The reality is with the current optimizer settings, individual signals (especially uncorrelated ones like random signals) can peturb the resulting optimization with large effects on the portfolio returns (eg a single submission can help us avoid just one short which ends up going up 100% in a month which would have large effects on the optimized portfolio returns).


Hey, thank you for posting about TC. It’s valuable for everyone to scrutinize and improve the system and this is a great check to have. If I may, I’d like to summarize some points made in this thread and add a few points:

  1. You’ve cherry-picked a single round in which a random model performs well. The results of a single round are calculated on compounding performance. Meaning that a random lucky portfolio can look less random than it actually is especially at 0 stake. I could cherry-pick a different round for the opposite argument:

Look how well it performs in 313 across all metrics:

Or look at round 315, the round after the one you show, in which it performs terribly:

  1. Overfitting isn’t necessarily what’s happening.
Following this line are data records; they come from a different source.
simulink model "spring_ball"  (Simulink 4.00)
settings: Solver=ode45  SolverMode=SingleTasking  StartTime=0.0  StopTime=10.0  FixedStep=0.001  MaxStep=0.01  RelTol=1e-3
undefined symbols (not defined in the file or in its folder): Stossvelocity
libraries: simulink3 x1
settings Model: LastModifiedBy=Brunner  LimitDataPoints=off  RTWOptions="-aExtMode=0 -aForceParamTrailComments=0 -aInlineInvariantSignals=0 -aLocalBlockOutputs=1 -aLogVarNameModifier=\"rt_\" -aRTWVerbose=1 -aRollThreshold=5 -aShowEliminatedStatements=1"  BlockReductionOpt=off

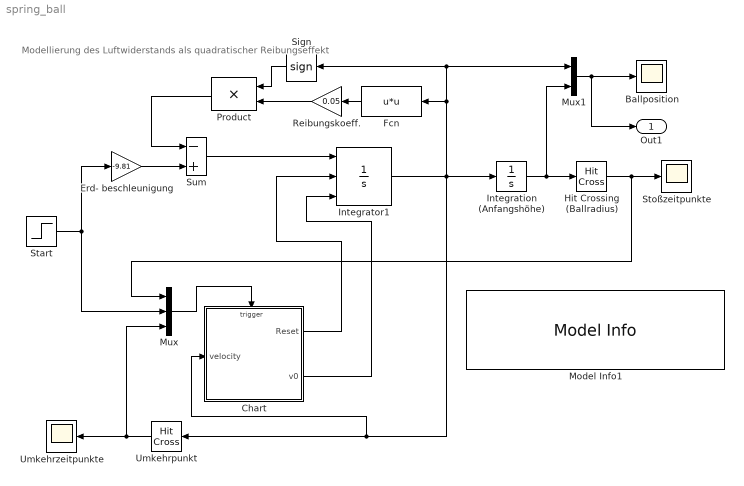
== system spring_ball ==
  note: Modellierung des Luftwiderstands
      | als quadratischer Reibungseffekt
  Ballposition : Scope
      settings: TimeRange=auto  YMin=-5  YMax=5  SaveToWorkspace=off  SaveName=ScopeData  LimitDataPoints=on  MaxDataPoints=5000
  Chart : Stateflow chart  TreatAsAtomicUnit=on
      settings: RTWFcnNameOpts=Auto  RTWFileNameOpts=Auto
  Erd- beschleunigung : Gain  Gain=-9.81  Multiplication=Element-wise(K.*u)  SaturateOnIntegerOverflow=on
  Fcn : Fcn  Orientation=left  Expr=u*u
  Hit Crossing (Ballradius) : HitCross  HitCrossingOffset=0.1  HitCrossingDirection=falling  ShowOutputPort=on
  Integration (Anfangshöhe) : Integrator  ExternalReset=none  InitialConditionSource=internal  InitialCondition=5  LimitOutput=off  UpperSaturationLimit=inf  LowerSaturationLimit=-inf  ShowSaturationPort=off  ShowStatePort=off  AbsoluteTolerance=auto
  Integrator1 : Integrator  ExternalReset=rising  InitialConditionSource=external  InitialCondition=Stossvelocity  LimitOutput=off  UpperSaturationLimit=inf  LowerSaturationLimit=-inf  ShowSaturationPort=off  ShowStatePort=off  AbsoluteTolerance=auto
  Model Info1 : simulink3/Signals & Systems/Model Info  InitialBlockCM=none  BlockCM=none  Frame=on  DisplayStringWithTags=|  HorizontalTextAlignment=Center  LeftAlignmentValue=0.5  SourceBlockDiagram=spring_ball_alt  TagMaxNumber=20
      | Modell eines auf einer Fläche springenden Balls
      | (Annahme:  elastischer Stoß)
  Mux : Mux  Inputs=3
  Mux1 : Mux  Inputs=2
  Product : Product  Orientation=left  Inputs=2  Multiplication=Element-wise(.*)  SaturateOnIntegerOverflow=on
  Reibungskoeff. : Gain  Orientation=left  Gain=0.05  Multiplication=Element-wise(K.*u)  SaturateOnIntegerOverflow=on
  Sign : Signum  Orientation=left
  Start : Step  Time=1  Before=0  After=1  SampleTime=0
  Stoßzeitpunkte : Scope
      settings: TimeRange=auto  YMin=-5  YMax=5  SaveToWorkspace=off  LimitDataPoints=on  MaxDataPoints=5000
  Sum : Sum  Inputs=-+  SaturateOnIntegerOverflow=on
  Umkehrpunkt : HitCross  Orientation=left  HitCrossingOffset=0  HitCrossingDirection=falling  ShowOutputPort=on
  Umkehrzeitpunkte : Scope
      settings: TimeRange=auto  YMin=-5  YMax=5  SaveToWorkspace=off  SaveName=ScopeData2  LimitDataPoints=on  MaxDataPoints=5000
  Out1 : Outport  Port=1
  wires:
  Fcn/1 -> Reibungskoeff./1
  Hit Crossing (Ballradius)/1 -> Mux/1, Stoßzeitpunkte/1
  Start/1 -> Erd- beschleunigung/1, Mux/2
  Sum/1 -> Integrator1/1
  Integrator1/1 -> Integration (Anfangshöhe)/1, Fcn/1, Mux1/1, Sign/1, Umkehrpunkt/1, Chart/1(velocity)
  Integration (Anfangshöhe)/1 -> Hit Crossing (Ballradius)/1, Mux1/2
  Mux1/1 -> Ballposition/1, Out1/1
  Chart/1(Reset) -> Integrator1/2
  Chart/2(v0) -> Integrator1/3
  Reibungskoeff./1 -> Product/2
  Sign/1 -> Product/1
  Product/1 -> Sum/1
  Erd- beschleunigung/1 -> Sum/2
  Mux/1 -> Chart/Trigger
  Umkehrpunkt/1 -> Mux/3, Umkehrzeitpunkte/1

== stateflow chart Chart ==
  state Ball_fallend/
    entry:Reset=0;
    v0=0;
  state Ball_steigend/
    entry: v0=-velocity;
    Reset=1;
  (default) -> Ball_fallend
  Ball_fallend -> Ball_steigend : Aufprall
  Ball_steigend -> Ball_fallend : Umkehr
  data: Reset output double; v0 output double; velocity input double
  events: Aufprall input RISING_EDGE_EVENT; Enable input EITHER_EDGE_EVENT; Umkehr input RISING_EDGE_EVENT

We aren’t using a large, complex model to calculate TC so overfitting does not really make sense.

  2. Noise sometimes helps during rounds in which people perform poorly, but sometimes it hurts. Here is the Final TC per round of two random models I backfilled while doing some research. Here, I use integration_test as a proxy for round difficulty. Notice that sometimes the TC scores of random noise have positive correlation and sometimes negative:

Let me know if anything is still unclear or if you feel I left some questions unanswered.